Problem to work on -
Transcribe the entries below with complete accuracy, excluding the pictures.

Data items
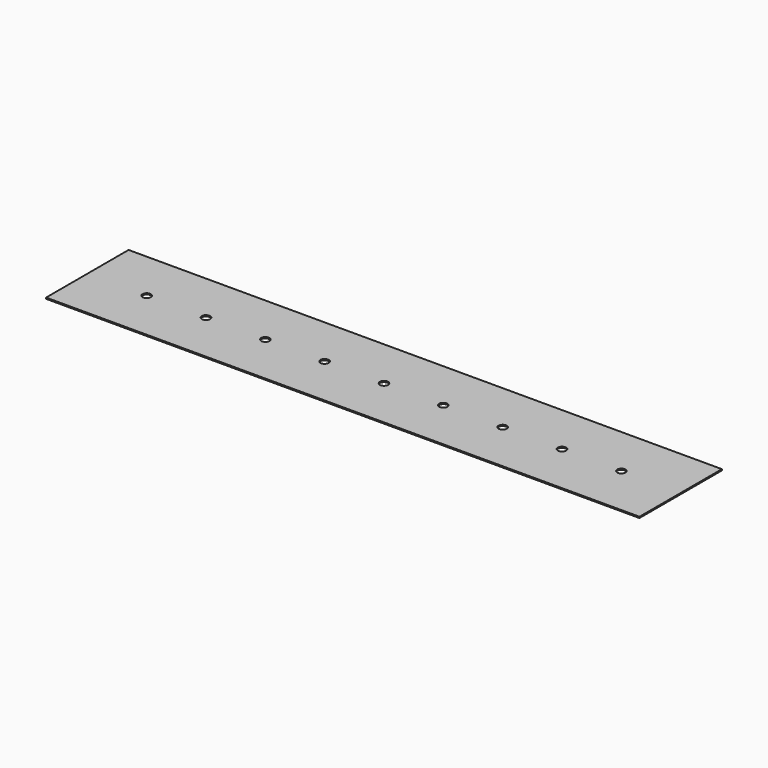
from build123d import *

# Parameters (mm, degrees)
F0_W     = 250
F0_H     = 43.4334799647
F0_R     = 1.75
F2_DEPTH = 0.5


# Not quite as in the source:
# - the program builds the solid bodies; features that only make, move or delete a surface that nothing else refers to are left out


with BuildPart() as f2:
    # F0 (on Top) → F2 (new body)
    with BuildSketch(Plane.XY):
        with Locations((-14.8854096483, -21.7167399824)):
            Rectangle(F0_W, F0_H)
        with Locations((-114.8854096483, -21.7167399824)):
            Circle(F0_R, mode=Mode.SUBTRACT)
        with Locations((-89.8854096483, -21.7167399824)):
            Circle(F0_R, mode=Mode.SUBTRACT)
        with Locations((-64.8854096483, -21.7167399824)):
            Circle(F0_R, mode=Mode.SUBTRACT)
        with Locations((-39.8854096483, -21.7167399824)):
            Circle(F0_R, mode=Mode.SUBTRACT)
        with Locations((-14.8854096483, -21.7167399824)):
            Circle(F0_R, mode=Mode.SUBTRACT)
        with Locations((10.1145903517, -21.7167399824)):
            Circle(F0_R, mode=Mode.SUBTRACT)
        with Locations((35.1145903517, -21.7167399824)):
            Circle(F0_R, mode=Mode.SUBTRACT)
        with Locations((60.1145903517, -21.7167399824)):
            Circle(F0_R, mode=Mode.SUBTRACT)
        with Locations((85.1145903517, -21.7167399824)):
            Circle(F0_R, mode=Mode.SUBTRACT)
    extrude(amount=F2_DEPTH)


solid = f2.part

Completed task -
from build123d import *

# Parameters (mm, degrees)
F0_W     = 250
F0_H     = 43.4334799647
F0_R     = 1.75
F2_DEPTH = 0.5


# Not quite as in the source:
# - the program builds the solid bodies; features that only make, move or delete a surface that nothing else refers to are left out


with BuildPart() as f2:
    # F0 (on Top) → F2 (new body)
    with BuildSketch(Plane.XY):
        with Locations((-14.8854096483, -21.7167399824)):
            Rectangle(F0_W, F0_H)
        with Locations((-114.8854096483, -21.7167399824)):
            Circle(F0_R, mode=Mode.SUBTRACT)
        with Locations((-89.8854096483, -21.7167399824)):
            Circle(F0_R, mode=Mode.SUBTRACT)
        with Locations((-64.8854096483, -21.7167399824)):
            Circle(F0_R, mode=Mode.SUBTRACT)
        with Locations((-39.8854096483, -21.7167399824)):
            Circle(F0_R, mode=Mode.SUBTRACT)
        with Locations((-14.8854096483, -21.7167399824)):
            Circle(F0_R, mode=Mode.SUBTRACT)
        with Locations((10.1145903517, -21.7167399824)):
            Circle(F0_R, mode=Mode.SUBTRACT)
        with Locations((35.1145903517, -21.7167399824)):
            Circle(F0_R, mode=Mode.SUBTRACT)
        with Locations((60.1145903517, -21.7167399824)):
            Circle(F0_R, mode=Mode.SUBTRACT)
        with Locations((85.1145903517, -21.7167399824)):
            Circle(F0_R, mode=Mode.SUBTRACT)
    extrude(amount=F2_DEPTH)


solid = f2.part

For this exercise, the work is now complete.